Problem description:
Write each line again exactly as it is, from the opening line of the records below through the one containing "Rod_Length = 0.075", and add nothing.

Input for this task START

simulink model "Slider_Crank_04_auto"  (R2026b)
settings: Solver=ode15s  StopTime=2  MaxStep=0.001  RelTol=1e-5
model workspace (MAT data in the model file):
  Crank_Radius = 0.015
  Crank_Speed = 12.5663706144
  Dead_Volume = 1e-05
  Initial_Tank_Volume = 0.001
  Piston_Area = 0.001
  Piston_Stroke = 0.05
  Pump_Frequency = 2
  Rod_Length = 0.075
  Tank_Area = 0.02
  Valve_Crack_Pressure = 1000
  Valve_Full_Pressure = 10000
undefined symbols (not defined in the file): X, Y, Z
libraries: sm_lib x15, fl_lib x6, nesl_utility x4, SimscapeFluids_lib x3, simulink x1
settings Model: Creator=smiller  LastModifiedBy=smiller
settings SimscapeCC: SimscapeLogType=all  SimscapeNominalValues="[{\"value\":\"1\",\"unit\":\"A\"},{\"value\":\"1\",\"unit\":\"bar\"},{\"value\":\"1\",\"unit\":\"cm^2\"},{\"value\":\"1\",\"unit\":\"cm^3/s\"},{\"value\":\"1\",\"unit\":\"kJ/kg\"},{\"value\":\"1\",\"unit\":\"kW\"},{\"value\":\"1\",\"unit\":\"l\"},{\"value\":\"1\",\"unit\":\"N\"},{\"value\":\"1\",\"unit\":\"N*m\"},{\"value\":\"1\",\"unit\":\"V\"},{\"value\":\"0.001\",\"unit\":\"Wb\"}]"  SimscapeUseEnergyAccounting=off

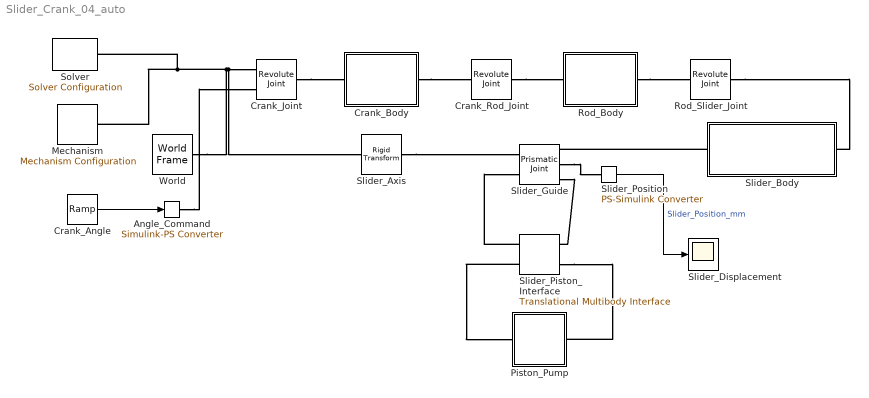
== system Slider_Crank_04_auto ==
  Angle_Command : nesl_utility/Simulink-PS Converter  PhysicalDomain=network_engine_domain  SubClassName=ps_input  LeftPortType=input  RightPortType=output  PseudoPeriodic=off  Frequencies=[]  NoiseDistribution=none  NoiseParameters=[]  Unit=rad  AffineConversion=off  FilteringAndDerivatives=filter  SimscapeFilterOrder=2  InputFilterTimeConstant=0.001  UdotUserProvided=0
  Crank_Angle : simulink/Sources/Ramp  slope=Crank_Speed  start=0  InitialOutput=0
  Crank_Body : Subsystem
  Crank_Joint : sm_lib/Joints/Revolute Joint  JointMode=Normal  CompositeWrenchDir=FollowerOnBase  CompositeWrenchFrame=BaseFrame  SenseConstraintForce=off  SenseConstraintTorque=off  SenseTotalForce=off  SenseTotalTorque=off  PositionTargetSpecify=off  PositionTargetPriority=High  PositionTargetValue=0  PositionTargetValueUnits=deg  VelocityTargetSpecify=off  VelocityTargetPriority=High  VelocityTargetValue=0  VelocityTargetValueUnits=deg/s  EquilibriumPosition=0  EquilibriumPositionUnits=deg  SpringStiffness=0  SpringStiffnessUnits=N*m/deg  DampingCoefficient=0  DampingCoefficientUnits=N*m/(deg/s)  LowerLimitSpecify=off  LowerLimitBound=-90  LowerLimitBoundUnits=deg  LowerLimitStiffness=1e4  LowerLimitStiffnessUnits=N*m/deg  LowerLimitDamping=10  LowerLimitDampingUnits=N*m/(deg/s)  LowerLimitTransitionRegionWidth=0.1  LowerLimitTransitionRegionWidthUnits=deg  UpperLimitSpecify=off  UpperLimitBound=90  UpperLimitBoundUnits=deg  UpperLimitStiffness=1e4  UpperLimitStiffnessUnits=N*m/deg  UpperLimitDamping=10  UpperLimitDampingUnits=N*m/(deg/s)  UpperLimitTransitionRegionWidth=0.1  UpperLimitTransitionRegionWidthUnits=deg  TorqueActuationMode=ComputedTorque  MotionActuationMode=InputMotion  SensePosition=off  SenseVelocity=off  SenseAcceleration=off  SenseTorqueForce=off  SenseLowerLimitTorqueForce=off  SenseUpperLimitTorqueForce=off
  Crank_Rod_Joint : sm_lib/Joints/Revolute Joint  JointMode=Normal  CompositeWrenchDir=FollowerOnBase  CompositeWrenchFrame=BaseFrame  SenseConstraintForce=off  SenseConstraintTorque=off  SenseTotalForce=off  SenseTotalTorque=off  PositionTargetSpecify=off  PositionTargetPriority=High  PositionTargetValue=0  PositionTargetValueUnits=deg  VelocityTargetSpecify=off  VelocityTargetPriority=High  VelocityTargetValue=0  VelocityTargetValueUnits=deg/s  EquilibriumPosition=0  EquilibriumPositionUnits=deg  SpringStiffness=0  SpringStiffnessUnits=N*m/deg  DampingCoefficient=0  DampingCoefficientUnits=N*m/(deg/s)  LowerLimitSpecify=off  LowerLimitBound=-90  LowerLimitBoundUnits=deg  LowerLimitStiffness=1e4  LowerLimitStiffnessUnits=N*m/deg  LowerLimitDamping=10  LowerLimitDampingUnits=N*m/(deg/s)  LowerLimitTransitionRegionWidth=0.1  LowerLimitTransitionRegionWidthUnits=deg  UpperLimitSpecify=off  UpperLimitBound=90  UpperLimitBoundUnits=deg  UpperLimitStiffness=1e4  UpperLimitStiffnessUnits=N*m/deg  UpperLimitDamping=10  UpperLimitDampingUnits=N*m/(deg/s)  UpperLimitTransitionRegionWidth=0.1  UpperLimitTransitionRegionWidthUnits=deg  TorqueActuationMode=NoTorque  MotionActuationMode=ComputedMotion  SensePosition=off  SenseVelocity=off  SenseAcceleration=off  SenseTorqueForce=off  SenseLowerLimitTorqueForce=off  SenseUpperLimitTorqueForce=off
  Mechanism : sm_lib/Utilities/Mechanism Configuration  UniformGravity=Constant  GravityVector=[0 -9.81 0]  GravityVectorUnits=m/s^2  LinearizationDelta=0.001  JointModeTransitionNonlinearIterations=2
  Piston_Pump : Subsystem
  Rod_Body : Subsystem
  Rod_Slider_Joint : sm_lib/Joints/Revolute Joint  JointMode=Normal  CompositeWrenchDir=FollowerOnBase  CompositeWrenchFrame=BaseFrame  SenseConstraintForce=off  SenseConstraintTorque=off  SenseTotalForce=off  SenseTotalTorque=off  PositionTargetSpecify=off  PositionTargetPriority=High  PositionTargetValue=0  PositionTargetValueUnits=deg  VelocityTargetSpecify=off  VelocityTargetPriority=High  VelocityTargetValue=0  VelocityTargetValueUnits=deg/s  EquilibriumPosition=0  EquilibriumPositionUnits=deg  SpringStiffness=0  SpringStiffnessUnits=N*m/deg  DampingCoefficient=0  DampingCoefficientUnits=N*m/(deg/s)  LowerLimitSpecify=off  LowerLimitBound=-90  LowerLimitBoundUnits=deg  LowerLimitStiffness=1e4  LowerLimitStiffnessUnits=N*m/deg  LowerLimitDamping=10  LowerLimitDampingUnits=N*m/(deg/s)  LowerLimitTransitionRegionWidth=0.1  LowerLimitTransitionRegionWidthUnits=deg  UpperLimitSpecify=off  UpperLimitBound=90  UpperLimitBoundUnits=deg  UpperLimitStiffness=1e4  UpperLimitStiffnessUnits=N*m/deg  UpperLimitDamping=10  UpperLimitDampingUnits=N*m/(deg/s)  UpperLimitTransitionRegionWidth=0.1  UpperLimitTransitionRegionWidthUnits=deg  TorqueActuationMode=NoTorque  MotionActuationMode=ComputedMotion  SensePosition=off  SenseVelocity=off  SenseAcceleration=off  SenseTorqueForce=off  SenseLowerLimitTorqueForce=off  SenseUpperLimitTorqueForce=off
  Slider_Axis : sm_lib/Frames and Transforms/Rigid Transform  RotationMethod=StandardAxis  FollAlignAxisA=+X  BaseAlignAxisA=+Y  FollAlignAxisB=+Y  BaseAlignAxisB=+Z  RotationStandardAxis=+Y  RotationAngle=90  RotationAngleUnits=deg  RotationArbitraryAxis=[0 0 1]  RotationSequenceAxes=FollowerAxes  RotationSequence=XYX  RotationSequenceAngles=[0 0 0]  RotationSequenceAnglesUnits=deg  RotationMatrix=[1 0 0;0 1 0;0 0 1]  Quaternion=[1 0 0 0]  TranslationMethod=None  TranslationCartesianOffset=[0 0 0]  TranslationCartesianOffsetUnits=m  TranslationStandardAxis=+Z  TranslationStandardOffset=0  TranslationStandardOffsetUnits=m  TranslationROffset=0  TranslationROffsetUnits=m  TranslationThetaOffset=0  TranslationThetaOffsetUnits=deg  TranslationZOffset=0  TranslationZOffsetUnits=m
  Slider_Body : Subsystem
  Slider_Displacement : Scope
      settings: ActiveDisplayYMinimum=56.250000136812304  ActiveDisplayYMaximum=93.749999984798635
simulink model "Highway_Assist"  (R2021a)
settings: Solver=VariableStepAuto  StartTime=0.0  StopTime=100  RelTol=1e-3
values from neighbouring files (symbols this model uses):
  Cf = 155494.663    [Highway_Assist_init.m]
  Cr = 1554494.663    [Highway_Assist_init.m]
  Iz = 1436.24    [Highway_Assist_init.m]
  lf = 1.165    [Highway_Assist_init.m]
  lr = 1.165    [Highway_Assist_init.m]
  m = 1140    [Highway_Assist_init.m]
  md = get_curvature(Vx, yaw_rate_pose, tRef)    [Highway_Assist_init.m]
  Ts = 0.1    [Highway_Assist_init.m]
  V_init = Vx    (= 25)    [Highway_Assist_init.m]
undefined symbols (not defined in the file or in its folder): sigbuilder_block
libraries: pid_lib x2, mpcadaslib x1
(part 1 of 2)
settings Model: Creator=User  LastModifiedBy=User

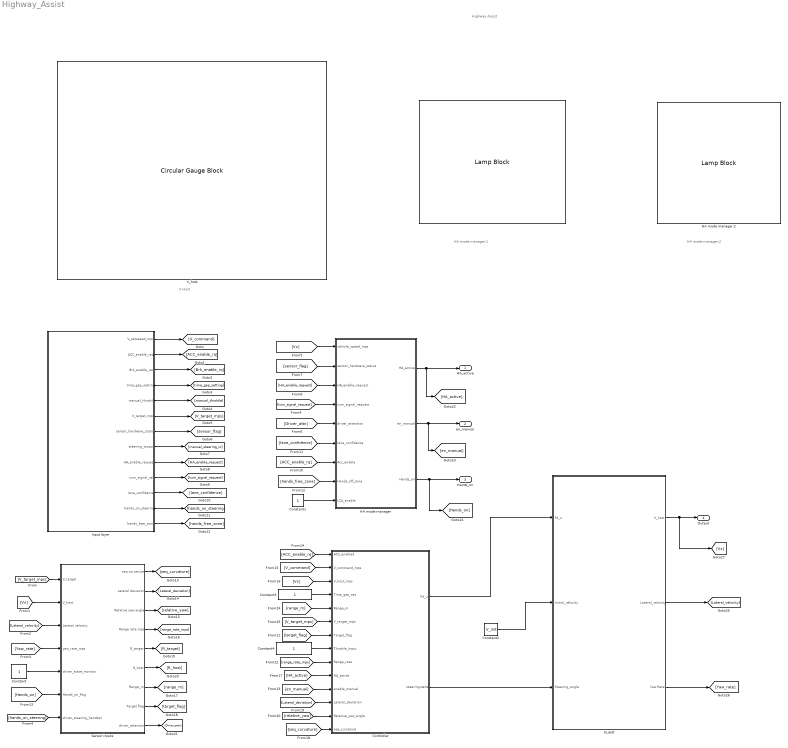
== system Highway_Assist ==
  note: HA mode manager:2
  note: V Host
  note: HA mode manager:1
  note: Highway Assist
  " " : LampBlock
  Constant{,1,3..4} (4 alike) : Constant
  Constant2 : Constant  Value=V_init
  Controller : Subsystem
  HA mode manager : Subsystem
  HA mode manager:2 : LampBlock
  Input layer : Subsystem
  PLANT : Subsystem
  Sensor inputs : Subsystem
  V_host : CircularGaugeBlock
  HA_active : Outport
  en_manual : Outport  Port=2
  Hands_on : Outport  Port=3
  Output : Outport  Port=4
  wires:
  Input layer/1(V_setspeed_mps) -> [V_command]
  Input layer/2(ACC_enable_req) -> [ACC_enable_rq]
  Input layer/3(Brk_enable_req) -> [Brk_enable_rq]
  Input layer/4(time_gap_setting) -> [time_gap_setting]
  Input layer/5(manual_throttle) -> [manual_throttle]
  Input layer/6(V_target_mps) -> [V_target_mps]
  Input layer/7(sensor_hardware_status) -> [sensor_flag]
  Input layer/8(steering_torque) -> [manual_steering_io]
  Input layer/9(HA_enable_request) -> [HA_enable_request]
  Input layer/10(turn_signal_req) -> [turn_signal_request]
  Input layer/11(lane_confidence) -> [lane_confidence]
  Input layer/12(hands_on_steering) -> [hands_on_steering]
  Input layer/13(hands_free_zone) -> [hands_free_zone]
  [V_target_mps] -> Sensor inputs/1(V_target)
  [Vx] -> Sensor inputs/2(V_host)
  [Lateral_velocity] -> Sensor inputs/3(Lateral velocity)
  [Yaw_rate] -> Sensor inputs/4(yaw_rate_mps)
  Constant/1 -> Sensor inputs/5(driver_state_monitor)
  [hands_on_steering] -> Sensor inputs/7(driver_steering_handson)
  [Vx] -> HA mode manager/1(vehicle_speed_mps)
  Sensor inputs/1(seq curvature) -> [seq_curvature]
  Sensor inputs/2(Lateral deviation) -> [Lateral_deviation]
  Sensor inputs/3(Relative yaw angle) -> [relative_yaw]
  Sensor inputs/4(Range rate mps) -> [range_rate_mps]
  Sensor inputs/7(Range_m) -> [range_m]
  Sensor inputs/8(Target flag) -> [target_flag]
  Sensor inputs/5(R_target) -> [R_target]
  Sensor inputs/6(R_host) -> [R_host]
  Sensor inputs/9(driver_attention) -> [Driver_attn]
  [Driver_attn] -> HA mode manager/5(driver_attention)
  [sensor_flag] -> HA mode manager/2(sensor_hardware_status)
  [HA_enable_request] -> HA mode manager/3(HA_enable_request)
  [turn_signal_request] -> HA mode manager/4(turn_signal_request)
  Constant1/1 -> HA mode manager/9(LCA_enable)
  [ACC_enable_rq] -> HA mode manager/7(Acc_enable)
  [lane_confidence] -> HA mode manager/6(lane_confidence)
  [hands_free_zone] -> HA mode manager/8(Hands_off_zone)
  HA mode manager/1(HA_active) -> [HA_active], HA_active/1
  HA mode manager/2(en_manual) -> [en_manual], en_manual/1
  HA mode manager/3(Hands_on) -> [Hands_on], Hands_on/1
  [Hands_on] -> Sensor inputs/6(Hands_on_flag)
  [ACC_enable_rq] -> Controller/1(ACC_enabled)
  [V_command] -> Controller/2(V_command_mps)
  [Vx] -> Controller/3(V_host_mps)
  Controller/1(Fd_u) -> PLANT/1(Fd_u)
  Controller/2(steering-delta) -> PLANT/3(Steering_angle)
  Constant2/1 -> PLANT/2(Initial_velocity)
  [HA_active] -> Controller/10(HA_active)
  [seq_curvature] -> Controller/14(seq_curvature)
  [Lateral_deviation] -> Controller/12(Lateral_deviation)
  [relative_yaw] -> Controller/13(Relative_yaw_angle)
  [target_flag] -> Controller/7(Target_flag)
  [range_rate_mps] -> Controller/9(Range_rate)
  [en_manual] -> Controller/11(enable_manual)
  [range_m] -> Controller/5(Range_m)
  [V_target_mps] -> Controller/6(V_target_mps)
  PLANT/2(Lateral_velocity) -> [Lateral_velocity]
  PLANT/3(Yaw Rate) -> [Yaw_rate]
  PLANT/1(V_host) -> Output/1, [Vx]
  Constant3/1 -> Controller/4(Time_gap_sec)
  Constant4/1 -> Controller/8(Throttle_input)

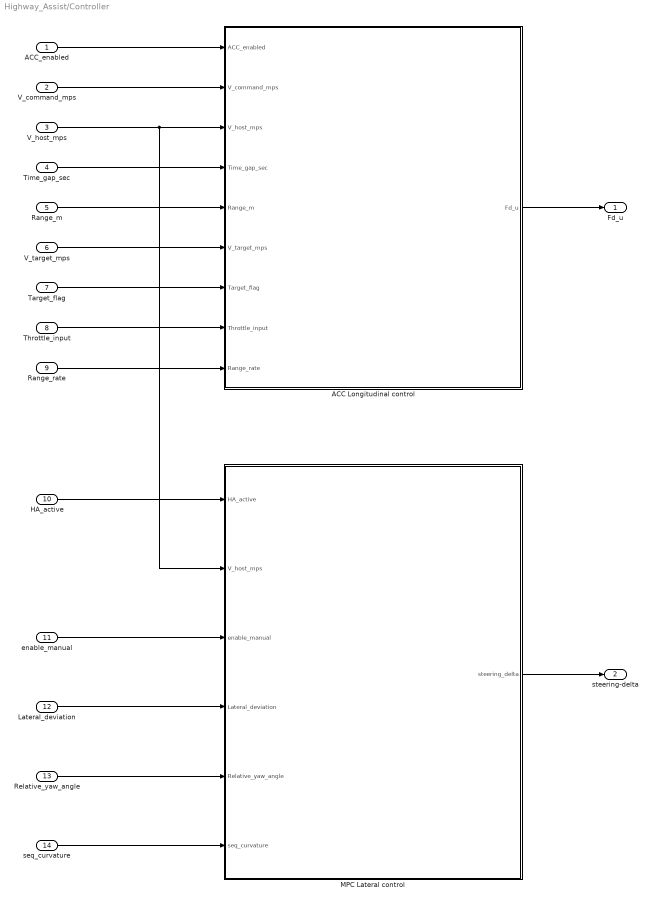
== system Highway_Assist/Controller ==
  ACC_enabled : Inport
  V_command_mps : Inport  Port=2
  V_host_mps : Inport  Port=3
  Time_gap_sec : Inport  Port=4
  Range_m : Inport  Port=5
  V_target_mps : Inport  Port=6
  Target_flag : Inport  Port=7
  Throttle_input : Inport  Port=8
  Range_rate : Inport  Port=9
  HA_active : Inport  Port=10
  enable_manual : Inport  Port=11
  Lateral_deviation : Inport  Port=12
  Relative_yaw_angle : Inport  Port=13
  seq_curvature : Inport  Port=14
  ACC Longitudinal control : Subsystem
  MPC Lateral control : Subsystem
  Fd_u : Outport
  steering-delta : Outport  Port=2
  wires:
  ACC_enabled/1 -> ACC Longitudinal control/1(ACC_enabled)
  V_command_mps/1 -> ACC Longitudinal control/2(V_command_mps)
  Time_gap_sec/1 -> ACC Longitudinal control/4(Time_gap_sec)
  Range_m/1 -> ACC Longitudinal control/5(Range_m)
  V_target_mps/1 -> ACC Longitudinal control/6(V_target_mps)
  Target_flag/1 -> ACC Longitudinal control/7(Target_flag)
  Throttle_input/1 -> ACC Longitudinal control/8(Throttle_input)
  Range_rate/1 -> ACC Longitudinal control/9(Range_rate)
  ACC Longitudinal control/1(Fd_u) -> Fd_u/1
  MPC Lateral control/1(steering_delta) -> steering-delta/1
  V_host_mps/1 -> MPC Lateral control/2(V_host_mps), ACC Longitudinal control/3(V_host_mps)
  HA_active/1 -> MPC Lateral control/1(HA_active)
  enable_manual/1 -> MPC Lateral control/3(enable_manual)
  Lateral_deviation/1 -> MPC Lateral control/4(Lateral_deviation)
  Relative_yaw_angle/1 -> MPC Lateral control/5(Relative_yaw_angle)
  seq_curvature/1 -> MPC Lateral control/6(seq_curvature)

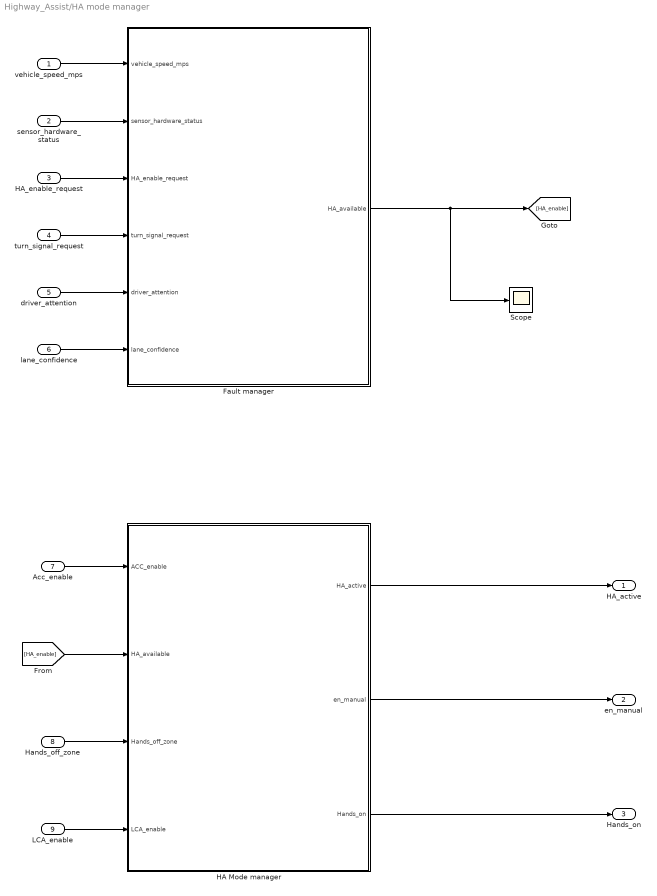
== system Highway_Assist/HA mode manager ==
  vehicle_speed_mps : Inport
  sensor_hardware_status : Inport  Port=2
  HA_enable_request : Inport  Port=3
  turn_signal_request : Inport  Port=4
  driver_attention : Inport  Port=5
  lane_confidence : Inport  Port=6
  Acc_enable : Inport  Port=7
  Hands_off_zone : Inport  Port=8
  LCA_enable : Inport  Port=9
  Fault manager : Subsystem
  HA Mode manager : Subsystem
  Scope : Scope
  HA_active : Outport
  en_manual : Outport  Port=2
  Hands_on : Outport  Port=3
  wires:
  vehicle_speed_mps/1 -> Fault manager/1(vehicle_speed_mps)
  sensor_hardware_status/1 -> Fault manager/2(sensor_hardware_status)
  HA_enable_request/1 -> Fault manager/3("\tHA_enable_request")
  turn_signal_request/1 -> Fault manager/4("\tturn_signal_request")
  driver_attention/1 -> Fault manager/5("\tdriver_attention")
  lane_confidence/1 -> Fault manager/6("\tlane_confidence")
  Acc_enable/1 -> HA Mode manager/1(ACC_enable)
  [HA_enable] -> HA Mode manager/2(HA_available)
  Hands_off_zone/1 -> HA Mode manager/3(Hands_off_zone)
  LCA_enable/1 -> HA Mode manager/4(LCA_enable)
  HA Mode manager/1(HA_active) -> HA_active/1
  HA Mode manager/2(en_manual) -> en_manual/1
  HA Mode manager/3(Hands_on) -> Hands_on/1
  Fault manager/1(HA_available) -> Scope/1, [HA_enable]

Input for this task END

Task answer:
simulink model "Slider_Crank_04_auto"  (R2026b)
settings: Solver=ode15s  StopTime=2  MaxStep=0.001  RelTol=1e-5
model workspace (MAT data in the model file):
  Crank_Radius = 0.015
  Crank_Speed = 12.5663706144
  Dead_Volume = 1e-05
  Initial_Tank_Volume = 0.001
  Piston_Area = 0.001
  Piston_Stroke = 0.05
  Pump_Frequency = 2
  Rod_Length = 0.075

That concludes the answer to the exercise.